───── Supplied material ─────

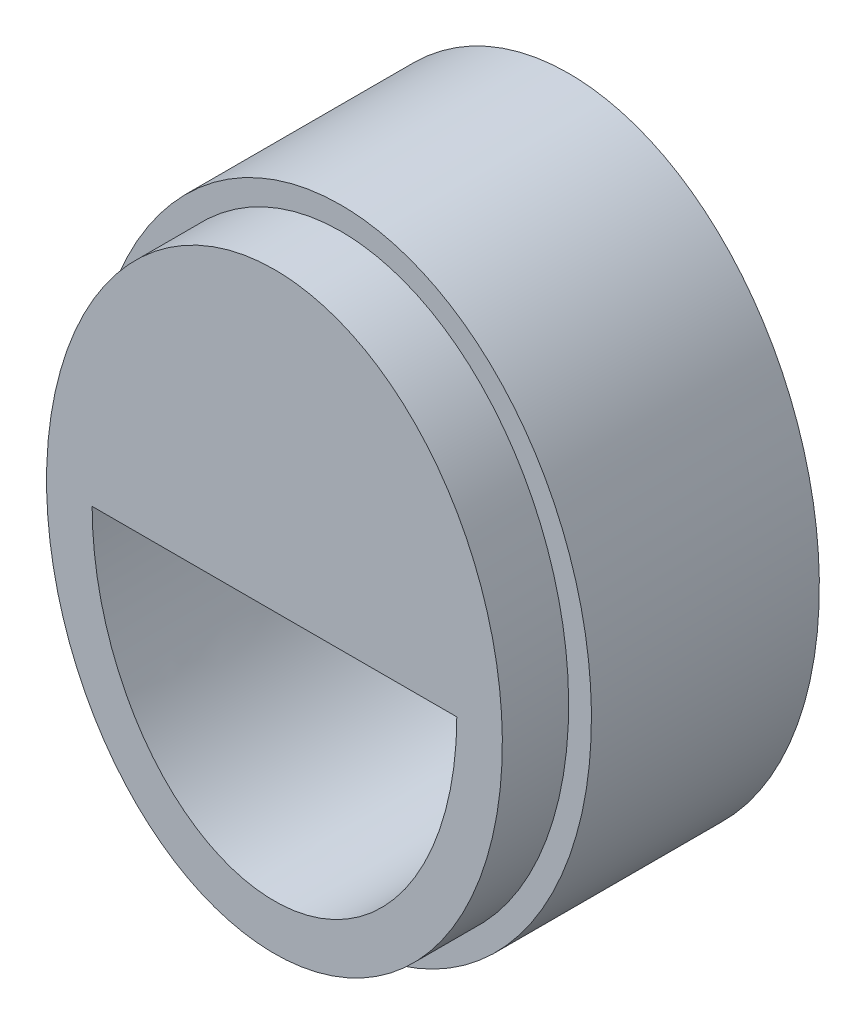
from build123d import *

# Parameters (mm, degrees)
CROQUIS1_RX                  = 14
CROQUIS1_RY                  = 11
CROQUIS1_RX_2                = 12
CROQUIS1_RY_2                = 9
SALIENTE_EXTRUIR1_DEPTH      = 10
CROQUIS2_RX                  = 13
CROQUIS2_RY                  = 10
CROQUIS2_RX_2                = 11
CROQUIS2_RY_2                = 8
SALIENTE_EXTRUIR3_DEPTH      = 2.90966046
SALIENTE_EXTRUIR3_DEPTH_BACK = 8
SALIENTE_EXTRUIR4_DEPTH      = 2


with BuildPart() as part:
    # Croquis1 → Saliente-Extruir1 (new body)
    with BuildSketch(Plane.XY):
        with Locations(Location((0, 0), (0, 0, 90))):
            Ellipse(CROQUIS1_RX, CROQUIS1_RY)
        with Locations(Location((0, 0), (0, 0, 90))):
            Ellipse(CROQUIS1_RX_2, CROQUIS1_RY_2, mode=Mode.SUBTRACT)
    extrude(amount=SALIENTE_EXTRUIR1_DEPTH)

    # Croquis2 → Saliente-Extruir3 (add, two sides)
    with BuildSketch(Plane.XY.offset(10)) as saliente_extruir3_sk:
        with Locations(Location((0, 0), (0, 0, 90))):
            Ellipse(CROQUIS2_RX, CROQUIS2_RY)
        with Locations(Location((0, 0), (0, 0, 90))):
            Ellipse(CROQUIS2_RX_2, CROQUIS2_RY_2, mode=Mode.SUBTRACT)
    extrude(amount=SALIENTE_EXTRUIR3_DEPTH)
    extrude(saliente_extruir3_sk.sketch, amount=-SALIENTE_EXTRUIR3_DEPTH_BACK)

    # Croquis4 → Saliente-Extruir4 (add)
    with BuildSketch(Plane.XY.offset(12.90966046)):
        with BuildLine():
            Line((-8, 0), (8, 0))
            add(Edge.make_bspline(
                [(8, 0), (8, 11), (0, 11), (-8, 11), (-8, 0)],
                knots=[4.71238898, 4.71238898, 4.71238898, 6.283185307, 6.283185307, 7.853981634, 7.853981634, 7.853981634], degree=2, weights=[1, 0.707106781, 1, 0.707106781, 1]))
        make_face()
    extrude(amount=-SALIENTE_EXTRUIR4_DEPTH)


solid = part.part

─────

**What is needed:**
Starting at the line that contains "Line((-8, 0), (8, 0))", reproduce each line through the end of the records exactly, both ends included.

**Result of the exercise:**
            Line((-8, 0), (8, 0))
            add(Edge.make_bspline(
                [(8, 0), (8, 11), (0, 11), (-8, 11), (-8, 0)],
                knots=[4.71238898, 4.71238898, 4.71238898, 6.283185307, 6.283185307, 7.853981634, 7.853981634, 7.853981634], degree=2, weights=[1, 0.707106781, 1, 0.707106781, 1]))
        make_face()
    extrude(amount=-SALIENTE_EXTRUIR4_DEPTH)


solid = part.part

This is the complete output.